START Data section
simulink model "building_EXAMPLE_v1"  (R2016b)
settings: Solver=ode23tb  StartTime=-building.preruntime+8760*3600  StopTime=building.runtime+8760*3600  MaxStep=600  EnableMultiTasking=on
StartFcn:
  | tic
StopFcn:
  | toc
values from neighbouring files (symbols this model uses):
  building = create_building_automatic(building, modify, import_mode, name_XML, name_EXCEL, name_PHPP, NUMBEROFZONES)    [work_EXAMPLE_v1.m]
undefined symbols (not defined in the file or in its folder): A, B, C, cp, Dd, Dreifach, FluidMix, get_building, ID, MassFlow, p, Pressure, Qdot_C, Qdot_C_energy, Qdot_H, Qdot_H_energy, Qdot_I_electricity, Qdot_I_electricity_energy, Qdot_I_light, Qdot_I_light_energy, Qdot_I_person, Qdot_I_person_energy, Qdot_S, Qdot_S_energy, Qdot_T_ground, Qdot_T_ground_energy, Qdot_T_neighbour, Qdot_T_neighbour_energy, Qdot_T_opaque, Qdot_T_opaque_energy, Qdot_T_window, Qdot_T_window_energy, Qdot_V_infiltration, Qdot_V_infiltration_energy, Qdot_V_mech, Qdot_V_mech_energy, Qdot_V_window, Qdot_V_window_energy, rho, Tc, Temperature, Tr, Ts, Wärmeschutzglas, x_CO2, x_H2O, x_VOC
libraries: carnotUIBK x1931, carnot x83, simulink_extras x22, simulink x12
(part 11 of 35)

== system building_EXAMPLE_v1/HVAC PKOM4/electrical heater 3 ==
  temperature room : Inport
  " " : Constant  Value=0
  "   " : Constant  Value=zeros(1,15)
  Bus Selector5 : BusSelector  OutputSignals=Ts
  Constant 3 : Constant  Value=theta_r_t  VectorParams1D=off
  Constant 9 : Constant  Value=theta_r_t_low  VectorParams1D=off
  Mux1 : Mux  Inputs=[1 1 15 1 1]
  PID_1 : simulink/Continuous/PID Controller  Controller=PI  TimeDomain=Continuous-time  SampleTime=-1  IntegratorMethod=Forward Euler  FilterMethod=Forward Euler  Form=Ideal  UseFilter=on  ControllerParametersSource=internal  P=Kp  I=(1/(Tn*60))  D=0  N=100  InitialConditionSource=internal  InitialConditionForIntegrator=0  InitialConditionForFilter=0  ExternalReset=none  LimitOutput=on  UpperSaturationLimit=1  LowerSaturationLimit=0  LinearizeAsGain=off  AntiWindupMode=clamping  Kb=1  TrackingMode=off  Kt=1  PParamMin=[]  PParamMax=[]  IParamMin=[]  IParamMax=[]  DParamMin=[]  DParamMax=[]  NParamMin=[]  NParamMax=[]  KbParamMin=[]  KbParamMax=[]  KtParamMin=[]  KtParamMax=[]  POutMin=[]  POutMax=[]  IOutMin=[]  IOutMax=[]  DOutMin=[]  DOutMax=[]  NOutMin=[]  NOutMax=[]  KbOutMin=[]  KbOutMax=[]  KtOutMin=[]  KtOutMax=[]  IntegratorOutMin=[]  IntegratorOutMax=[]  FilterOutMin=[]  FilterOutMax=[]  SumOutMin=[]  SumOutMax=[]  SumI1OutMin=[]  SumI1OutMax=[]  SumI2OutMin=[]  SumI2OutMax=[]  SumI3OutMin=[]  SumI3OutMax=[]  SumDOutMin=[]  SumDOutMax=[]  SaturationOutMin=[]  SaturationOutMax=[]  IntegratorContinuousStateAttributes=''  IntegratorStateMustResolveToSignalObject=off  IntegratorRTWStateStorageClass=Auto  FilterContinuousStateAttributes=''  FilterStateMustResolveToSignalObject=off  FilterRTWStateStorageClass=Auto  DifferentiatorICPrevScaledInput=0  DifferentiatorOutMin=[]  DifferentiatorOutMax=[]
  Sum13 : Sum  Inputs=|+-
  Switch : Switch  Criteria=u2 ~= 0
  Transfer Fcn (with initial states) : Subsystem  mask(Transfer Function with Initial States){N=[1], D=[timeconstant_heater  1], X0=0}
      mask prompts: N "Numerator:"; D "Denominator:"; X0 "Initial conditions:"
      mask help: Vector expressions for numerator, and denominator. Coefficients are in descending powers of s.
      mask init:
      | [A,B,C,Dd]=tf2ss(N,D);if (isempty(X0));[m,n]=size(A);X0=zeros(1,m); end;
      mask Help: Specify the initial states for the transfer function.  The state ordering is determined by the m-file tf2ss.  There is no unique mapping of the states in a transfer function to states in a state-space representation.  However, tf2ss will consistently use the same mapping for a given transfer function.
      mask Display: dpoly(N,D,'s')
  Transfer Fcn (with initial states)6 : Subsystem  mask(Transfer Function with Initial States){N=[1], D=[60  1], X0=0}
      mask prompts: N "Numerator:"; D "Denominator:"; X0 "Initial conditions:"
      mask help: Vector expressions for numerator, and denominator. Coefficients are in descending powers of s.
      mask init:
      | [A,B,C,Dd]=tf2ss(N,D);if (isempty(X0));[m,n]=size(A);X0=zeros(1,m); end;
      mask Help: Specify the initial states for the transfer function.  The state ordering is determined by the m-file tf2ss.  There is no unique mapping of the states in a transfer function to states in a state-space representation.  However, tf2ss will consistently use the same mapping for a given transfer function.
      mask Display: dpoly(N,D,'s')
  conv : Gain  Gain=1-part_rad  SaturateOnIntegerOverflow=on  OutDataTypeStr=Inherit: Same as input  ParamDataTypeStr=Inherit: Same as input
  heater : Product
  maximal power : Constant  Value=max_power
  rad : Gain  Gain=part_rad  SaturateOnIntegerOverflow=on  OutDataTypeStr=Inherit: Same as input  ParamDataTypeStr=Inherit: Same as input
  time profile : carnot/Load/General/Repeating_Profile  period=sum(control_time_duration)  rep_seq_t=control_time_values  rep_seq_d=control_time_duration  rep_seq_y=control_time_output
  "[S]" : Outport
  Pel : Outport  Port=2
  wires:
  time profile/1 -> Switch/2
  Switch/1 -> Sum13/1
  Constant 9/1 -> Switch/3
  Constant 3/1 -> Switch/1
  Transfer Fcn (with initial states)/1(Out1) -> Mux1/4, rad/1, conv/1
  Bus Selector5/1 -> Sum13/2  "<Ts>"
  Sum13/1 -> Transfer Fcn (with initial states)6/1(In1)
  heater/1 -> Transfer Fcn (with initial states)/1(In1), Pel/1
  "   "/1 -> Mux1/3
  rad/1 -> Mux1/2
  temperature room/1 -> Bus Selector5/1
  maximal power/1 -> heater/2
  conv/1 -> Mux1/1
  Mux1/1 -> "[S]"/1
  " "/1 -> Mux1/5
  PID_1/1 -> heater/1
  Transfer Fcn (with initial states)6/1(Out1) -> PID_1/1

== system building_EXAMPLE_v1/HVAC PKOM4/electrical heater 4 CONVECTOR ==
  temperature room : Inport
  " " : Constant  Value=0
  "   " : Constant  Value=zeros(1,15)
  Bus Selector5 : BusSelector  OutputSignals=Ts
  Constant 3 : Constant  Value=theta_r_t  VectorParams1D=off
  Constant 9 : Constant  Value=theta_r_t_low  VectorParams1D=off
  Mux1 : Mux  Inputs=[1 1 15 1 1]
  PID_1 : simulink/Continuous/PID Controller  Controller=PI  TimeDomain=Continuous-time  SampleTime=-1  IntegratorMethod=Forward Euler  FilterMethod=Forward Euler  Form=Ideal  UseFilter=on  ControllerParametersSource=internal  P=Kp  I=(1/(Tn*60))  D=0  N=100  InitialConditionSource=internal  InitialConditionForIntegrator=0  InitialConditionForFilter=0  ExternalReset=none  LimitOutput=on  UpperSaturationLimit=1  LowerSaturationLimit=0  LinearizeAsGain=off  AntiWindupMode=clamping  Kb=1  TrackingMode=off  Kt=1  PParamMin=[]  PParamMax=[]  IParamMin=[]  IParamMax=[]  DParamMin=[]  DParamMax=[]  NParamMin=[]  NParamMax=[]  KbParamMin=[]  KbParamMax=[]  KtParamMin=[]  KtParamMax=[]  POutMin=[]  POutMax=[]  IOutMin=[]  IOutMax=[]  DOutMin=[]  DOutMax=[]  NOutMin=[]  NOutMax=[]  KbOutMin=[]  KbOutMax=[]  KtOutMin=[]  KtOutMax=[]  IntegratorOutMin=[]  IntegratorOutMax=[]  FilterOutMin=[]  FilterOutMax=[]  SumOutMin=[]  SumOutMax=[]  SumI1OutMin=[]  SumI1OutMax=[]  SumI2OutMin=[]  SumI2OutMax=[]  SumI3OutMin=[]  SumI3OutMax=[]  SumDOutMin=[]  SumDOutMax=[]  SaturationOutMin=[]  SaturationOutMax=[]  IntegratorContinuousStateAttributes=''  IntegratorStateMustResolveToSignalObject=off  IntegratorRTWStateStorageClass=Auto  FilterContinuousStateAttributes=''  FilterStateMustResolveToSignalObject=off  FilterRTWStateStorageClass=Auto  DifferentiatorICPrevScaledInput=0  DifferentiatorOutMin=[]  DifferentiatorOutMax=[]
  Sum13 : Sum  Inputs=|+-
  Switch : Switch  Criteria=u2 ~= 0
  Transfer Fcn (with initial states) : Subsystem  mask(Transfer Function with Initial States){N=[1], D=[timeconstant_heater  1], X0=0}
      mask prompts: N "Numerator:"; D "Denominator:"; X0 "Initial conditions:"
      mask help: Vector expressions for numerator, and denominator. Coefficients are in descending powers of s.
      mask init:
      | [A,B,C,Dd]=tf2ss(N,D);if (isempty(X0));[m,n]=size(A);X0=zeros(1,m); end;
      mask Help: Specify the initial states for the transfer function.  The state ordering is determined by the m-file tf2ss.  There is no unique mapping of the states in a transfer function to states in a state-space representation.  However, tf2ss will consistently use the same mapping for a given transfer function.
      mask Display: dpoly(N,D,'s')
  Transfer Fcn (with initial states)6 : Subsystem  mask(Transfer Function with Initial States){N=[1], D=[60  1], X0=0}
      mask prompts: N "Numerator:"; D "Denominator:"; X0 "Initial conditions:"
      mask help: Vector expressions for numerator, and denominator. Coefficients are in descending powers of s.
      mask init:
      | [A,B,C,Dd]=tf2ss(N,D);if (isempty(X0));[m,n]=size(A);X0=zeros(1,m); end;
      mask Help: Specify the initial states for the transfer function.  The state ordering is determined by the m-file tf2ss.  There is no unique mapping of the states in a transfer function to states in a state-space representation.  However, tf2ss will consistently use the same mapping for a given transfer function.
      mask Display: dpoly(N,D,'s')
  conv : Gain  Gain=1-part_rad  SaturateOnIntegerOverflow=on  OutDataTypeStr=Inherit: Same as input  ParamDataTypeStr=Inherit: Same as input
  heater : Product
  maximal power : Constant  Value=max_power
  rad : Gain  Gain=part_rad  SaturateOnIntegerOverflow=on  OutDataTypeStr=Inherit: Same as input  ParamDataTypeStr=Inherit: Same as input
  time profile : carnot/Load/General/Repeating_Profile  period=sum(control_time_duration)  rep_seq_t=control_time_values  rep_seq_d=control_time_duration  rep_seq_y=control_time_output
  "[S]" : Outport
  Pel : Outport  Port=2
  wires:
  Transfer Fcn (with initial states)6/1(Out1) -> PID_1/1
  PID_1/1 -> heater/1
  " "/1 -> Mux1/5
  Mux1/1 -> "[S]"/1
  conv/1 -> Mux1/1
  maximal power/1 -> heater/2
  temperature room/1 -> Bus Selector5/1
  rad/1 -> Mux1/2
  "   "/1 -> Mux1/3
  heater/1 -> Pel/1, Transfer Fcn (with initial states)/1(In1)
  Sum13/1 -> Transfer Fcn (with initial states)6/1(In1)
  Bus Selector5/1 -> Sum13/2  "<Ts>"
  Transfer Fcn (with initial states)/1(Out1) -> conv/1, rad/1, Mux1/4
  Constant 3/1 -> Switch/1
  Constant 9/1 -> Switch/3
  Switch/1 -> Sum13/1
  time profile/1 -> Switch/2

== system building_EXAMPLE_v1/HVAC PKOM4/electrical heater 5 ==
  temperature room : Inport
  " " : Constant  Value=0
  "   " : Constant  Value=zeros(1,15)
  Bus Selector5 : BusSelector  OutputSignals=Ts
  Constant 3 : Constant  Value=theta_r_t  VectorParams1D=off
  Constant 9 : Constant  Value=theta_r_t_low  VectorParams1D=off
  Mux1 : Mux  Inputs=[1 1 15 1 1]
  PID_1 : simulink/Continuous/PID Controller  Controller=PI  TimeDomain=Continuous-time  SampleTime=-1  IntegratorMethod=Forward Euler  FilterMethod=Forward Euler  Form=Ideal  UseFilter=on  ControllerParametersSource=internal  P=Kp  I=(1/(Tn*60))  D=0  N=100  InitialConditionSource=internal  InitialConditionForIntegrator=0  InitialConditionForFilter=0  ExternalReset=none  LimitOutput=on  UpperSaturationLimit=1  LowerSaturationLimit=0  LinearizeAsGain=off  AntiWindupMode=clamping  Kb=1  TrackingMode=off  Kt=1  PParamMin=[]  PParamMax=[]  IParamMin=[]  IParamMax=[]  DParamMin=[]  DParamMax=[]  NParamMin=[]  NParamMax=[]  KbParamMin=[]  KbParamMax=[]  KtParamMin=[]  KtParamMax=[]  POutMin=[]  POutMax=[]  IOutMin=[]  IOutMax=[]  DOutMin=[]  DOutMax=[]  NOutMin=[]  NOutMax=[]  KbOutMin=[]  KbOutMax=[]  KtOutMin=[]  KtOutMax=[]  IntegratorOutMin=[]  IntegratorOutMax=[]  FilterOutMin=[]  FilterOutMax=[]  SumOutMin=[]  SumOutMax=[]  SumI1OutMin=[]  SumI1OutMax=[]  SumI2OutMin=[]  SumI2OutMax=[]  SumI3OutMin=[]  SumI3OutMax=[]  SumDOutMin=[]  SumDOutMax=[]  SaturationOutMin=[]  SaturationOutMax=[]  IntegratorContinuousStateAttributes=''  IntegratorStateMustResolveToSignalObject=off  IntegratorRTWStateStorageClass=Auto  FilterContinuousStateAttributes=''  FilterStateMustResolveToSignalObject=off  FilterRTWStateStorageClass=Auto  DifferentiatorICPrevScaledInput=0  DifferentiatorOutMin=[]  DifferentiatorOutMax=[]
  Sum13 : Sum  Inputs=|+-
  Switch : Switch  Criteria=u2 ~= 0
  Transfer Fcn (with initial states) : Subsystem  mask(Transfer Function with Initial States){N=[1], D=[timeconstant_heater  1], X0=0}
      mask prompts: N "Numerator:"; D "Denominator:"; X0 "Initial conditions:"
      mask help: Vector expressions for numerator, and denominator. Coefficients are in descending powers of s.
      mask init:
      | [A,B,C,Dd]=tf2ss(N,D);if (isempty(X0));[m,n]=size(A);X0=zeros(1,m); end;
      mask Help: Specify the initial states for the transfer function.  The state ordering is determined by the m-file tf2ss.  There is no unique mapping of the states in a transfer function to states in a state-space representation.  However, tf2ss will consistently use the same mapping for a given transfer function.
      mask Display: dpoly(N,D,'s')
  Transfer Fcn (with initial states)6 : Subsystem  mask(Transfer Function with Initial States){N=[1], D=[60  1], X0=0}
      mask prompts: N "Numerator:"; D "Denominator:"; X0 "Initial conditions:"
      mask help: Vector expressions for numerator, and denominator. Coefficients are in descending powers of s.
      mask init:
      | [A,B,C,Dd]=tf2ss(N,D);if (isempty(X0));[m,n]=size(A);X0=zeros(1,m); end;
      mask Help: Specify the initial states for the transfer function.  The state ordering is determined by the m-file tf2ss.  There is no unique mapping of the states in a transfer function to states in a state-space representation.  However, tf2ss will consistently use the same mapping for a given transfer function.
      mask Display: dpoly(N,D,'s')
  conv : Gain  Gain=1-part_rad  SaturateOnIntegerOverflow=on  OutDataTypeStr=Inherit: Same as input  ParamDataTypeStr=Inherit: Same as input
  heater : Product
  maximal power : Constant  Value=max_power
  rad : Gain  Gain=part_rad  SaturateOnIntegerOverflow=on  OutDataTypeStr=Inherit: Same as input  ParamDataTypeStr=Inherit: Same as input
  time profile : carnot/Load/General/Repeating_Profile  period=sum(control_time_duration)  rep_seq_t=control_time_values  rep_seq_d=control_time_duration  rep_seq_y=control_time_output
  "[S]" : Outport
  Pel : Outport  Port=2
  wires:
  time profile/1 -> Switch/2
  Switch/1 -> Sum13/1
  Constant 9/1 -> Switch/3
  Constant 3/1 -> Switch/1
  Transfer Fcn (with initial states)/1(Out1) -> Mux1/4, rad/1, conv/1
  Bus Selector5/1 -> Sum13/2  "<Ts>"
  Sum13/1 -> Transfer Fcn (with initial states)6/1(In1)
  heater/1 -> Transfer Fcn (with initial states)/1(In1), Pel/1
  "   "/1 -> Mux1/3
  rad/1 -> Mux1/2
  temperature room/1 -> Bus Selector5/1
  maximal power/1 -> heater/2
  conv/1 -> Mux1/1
END Data section
(Exercise description) In the answer, the lines from the first line of the data above through the line containing "name_EXCEL, name_PHPP, NUMBEROFZONES)" must appear exactly as written, with nothing else.

(Reply to the task)
simulink model "building_EXAMPLE_v1"  (R2016b)
settings: Solver=ode23tb  StartTime=-building.preruntime+8760*3600  StopTime=building.runtime+8760*3600  MaxStep=600  EnableMultiTasking=on
StartFcn:
  | tic
StopFcn:
  | toc
values from neighbouring files (symbols this model uses):
  building = create_building_automatic(building, modify, import_mode, name_XML, name_EXCEL, name_PHPP, NUMBEROFZONES)    [work_EXAMPLE_v1.m]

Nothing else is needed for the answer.